Koschowitz et al. argue that vaned feathers evolved for signaling with
structural coloration. This hypothesis is, however, highly implausible
from an evolutionary point of view."

Overall, Mayr's logic is sound.  He consequently invokes WAIR
(“wing-assisted incline running”) as the alternative hypothesis for
why theropods initially evolved pennaceous feathers.  WAIR at least
provides an aerodynamic context for the evolution of pennaceous
feathers.  However, WAIR doesn't account for the presence of
pennaceous feathers along the hindlimb and tail in pennaceous
theropods.  AFAIK, neither hindwings or a pennaceous tail have any
roles in WAIR.  Also, in many pennaceous theropods, including basal
avialans (= 'proto-birds') it's not clear if the pectoral muscles and
skeleton were capable of executing the flight stroke required for WAIR
in these taxa. Some studies have indicated that the orientation of the
shoulder joint of proto-birds prevented the humerus from being raised
above the back, meaning a complete flight stroke was not possible (but
this is disputed by others).  (Juvenile birds that use WAIR have
incipient wings, but a fully evolved flight stroke like their
neornithean parents.  After all, in modern birds WAIR has over a 100
million years of aerodynamic refinement behind it.)

Mayr recognizes that proto-birds and related theropods had hindlimbs
adapted for running.  Neither the fore- or hindlimbs were adapted for
climbing or living in trees.  (I only mention this because an
aerodynamic function for the first pennaceous feathers is often used
to support an arboreal origin of avian flight... thus it goes that the
ancestors of birds must have been arboreal.  I don't subscribe to this
view.  Interestingly, wind tunnel tests on _Microraptor_ by Palmer
(2014) indicated that the aerodynamic surfaces offered no clear
advantages for gliding in an arboreal environment.)

In their original paper, Koschowitz et al. (2014) use the term
'pennaceous' to mean 'planar' - not necessarily bipinnate (i.e.,
having the barbs interlocked by barbules within the feather vane, to
maintain integrity).  (Note that barbules are typically not preserved
in fossils, so their presence can only be inferred indirectly in these
specimens.)  It is possible that planar feathers initially evolved for
display, and were subsequently co-opted (exapted) for an aerodynamic
function via barbules to produce a bipinnate vane.

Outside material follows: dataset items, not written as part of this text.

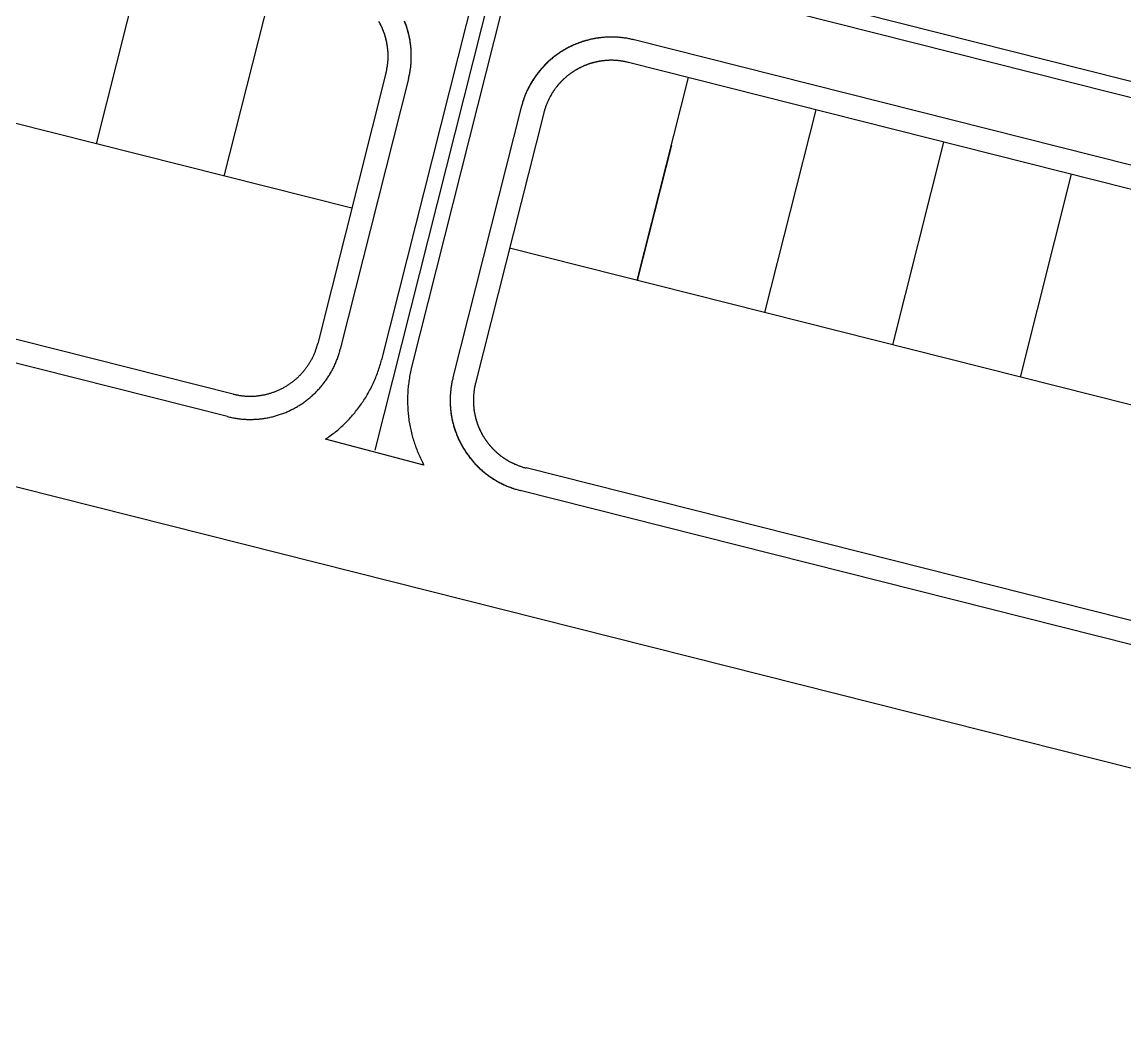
# Model space of a CAD drawing. Header units: metres. Extents: x 680594 to 684853, y 828874 to 830078.
# Drawn here: x 683528.8 to 683671.1, y 829248.1 to 829378.9 of the extents above; entities that cross this region are included whole.
import ezdxf

# ---------------------------------------------------------------- set-up
doc = ezdxf.new("R2010")
doc.units = ezdxf.units.M
doc.layers.add('PLOT_LINES', color=7, linetype='Continuous')

msp = doc.modelspace()

# ---------------------------------------------------------------- linework, layer by layer
at = {"layer": 'PLOT_LINES'}
for points in [[(683622.55, 829514.79), (683574.31, 829323.59)], [(683622.55, 829514.79), (683574.31, 829323.59)], [(683616.7, 829499.76), (683575.19, 829335.26)], [(683616.7, 829499.76), (683575.19, 829335.26)], [(683620.58, 829498.78), (683579.07, 829334.29)], [(683620.58, 829498.78), (683579.07, 829334.29)], [(684472.77, 829080.44), (682895.73, 829478.39)], [(683555.29, 829327.91), (683294.55, 829393.71)], [(683555.29, 829327.91), (683294.55, 829393.71)], [(683882.73, 829318), (683598.72, 829389.66)], [(683882.73, 829318), (683598.72, 829389.66)], [(683571.35, 829354.8), (683439.49, 829388.07)], [(683571.35, 829354.8), (683439.49, 829388.07)], [(683538.39, 829363.12), (683544.99, 829389.29)], [(683538.39, 829363.12), (683544.99, 829389.29)], [(683882.24, 829316.06), (683598.23, 829387.72)], [(683882.24, 829316.06), (683598.23, 829387.72)], [(683554.87, 829358.96), (683561.48, 829385.14)], [(683554.87, 829358.96), (683561.48, 829385.14)], [(683575.76, 829372.25), (683575.78, 829372.35), (683575.81, 829372.45), (683575.83, 829372.56), (683575.85, 829372.66), (683575.87, 829372.76), (683575.89, 829372.86), (683575.91, 829372.97), (683575.93, 829373.07), (683575.94, 829373.17), (683575.95, 829373.28), (683575.97, 829373.38), (683575.98, 829373.49), (683575.99, 829373.59), (683576, 829373.69), (683576.01, 829373.8), (683576.02, 829373.9), (683576.02, 829374.01), (683576.03, 829374.11), (683576.03, 829374.22), (683576.03, 829374.32), (683576.03, 829374.43), (683576.03, 829374.53), (683576.03, 829374.64), (683576.03, 829374.74), (683576.02, 829374.85), (683576.02, 829374.95), (683576.01, 829375.05), (683576, 829375.16), (683576, 829375.26), (683575.99, 829375.37), (683575.97, 829375.47), (683575.96, 829375.58), (683575.95, 829375.68), (683575.93, 829375.78), (683575.92, 829375.89), (683575.9, 829375.99), (683575.88, 829376.09), (683575.86, 829376.2), (683575.84, 829376.3), (683575.82, 829376.4), (683575.8, 829376.5), (683575.77, 829376.6), (683575.75, 829376.71), (683575.72, 829376.81), (683575.69, 829376.91), (683575.66, 829377.01), (683575.63, 829377.11), (683575.6, 829377.21), (683575.57, 829377.31), (683575.53, 829377.41), (683575.5, 829377.51), (683575.46, 829377.6), (683575.42, 829377.7), (683575.39, 829377.8), (683575.35, 829377.9), (683575.31, 829377.99), (683575.26, 829378.09), (683575.22, 829378.18), (683575.18, 829378.28), (683575.13, 829378.37), (683575.09, 829378.47), (683575.04, 829378.56), (683574.99, 829378.65), (683574.94, 829378.75), (683574.89, 829378.84), (683574.84, 829378.93)], [(683575.76, 829372.25), (683575.78, 829372.35), (683575.81, 829372.45), (683575.83, 829372.56), (683575.85, 829372.66), (683575.87, 829372.76), (683575.89, 829372.87), (683575.91, 829372.97), (683575.93, 829373.08), (683575.94, 829373.18), (683575.96, 829373.29), (683575.97, 829373.39), (683575.98, 829373.49), (683575.99, 829373.6), (683576, 829373.71), (683576.01, 829373.81), (683576.02, 829373.92), (683576.02, 829374.02), (683576.03, 829374.13), (683576.03, 829374.23), (683576.03, 829374.34), (683576.03, 829374.44), (683576.03, 829374.55), (683576.03, 829374.65), (683576.03, 829374.76), (683576.02, 829374.86), (683576.02, 829374.97), (683576.01, 829375.08), (683576, 829375.18), (683575.99, 829375.29), (683575.98, 829375.39), (683575.97, 829375.5), (683575.96, 829375.6), (683575.94, 829375.7), (683575.93, 829375.81), (683575.91, 829375.91), (683575.89, 829376.02), (683575.88, 829376.12), (683575.86, 829376.22), (683575.83, 829376.33), (683575.81, 829376.43), (683575.79, 829376.53), (683575.76, 829376.64), (683575.74, 829376.74), (683575.71, 829376.84), (683575.68, 829376.94), (683575.65, 829377.04), (683575.62, 829377.14), (683575.59, 829377.24), (683575.55, 829377.34), (683575.52, 829377.44), (683575.48, 829377.54), (683575.45, 829377.64), (683575.41, 829377.74), (683575.37, 829377.84), (683575.33, 829377.94), (683575.29, 829378.03), (683575.25, 829378.13), (683575.2, 829378.23), (683575.16, 829378.32), (683575.11, 829378.42), (683575.06, 829378.51), (683575.02, 829378.6), (683574.97, 829378.7), (683574.92, 829378.79), (683574.87, 829378.88)], [(683578.67, 829371.52), (683578.7, 829371.65), (683578.73, 829371.79), (683578.76, 829371.93), (683578.79, 829372.06), (683578.82, 829372.2), (683578.84, 829372.34), (683578.87, 829372.48), (683578.89, 829372.62), (683578.91, 829372.76), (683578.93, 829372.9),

The aerodynamic function of pennaceous feathers might not have been
WAIR or even arboreal gliding.  As mentioned on this list, pennaceous
feathers could have been used in elaborate display rituals that
involved aerodynamic behavior.  Or pennaceous feathers could have
improved maneuverability, prior to the development of a power stroke -
at least in the line leading to birds (Evangelista et al., 2014).
Improved maneuverability could be useful for weaving rapidly over
uneven terrain, or for during attacks on prey (launched from above or
level with the prey), or balancing on or alighting from larger prey.

The 'aerodynamic' functions of pennaceous feathers may have differed
among different proto-bird taxa, with independent experiments in
pre-flight behavior.  _Archaeopteryx_ might have used its 'wings' for
one behavior, _Sapeornis_ for another, and _Jeholornis_ for yet
another behavior.  For example, _Sapeornis_ appears to have excellent
perching adaptations, but other proto-birds tend not to (if any at
all).  So it might not be easy to delineate which particular behavior
led directly to flight in birds.  As an analogy, in today's world,
different flightless and near-flightless birds may use their wings for
various purposes (e.g., kagu, lyrebirds, scrubbirds, tapaculos,
kakapo, etc).



References

Koschowitz et al. (2014) Beyond the rainbow.  Science 346: 416-418.

Evangelista et al (2014) Shifts in stability and control effectiveness
during evolution of

Paraves support aerial maneuvering hypotheses for flight origins.
PeerJ 2:e632 arXiv:1401.3209 [q-bio.PE]

Mayr, G. (2014) On the origin of feathers. Science 346: 1466.

Palmer, C. (2014) The aerodynamics of gliding flight and its
application to the arboreal flight of the Chinese feathered dinosaur
_Microraptor_.  Biol. J. Linn. Soc. 113: 828–835.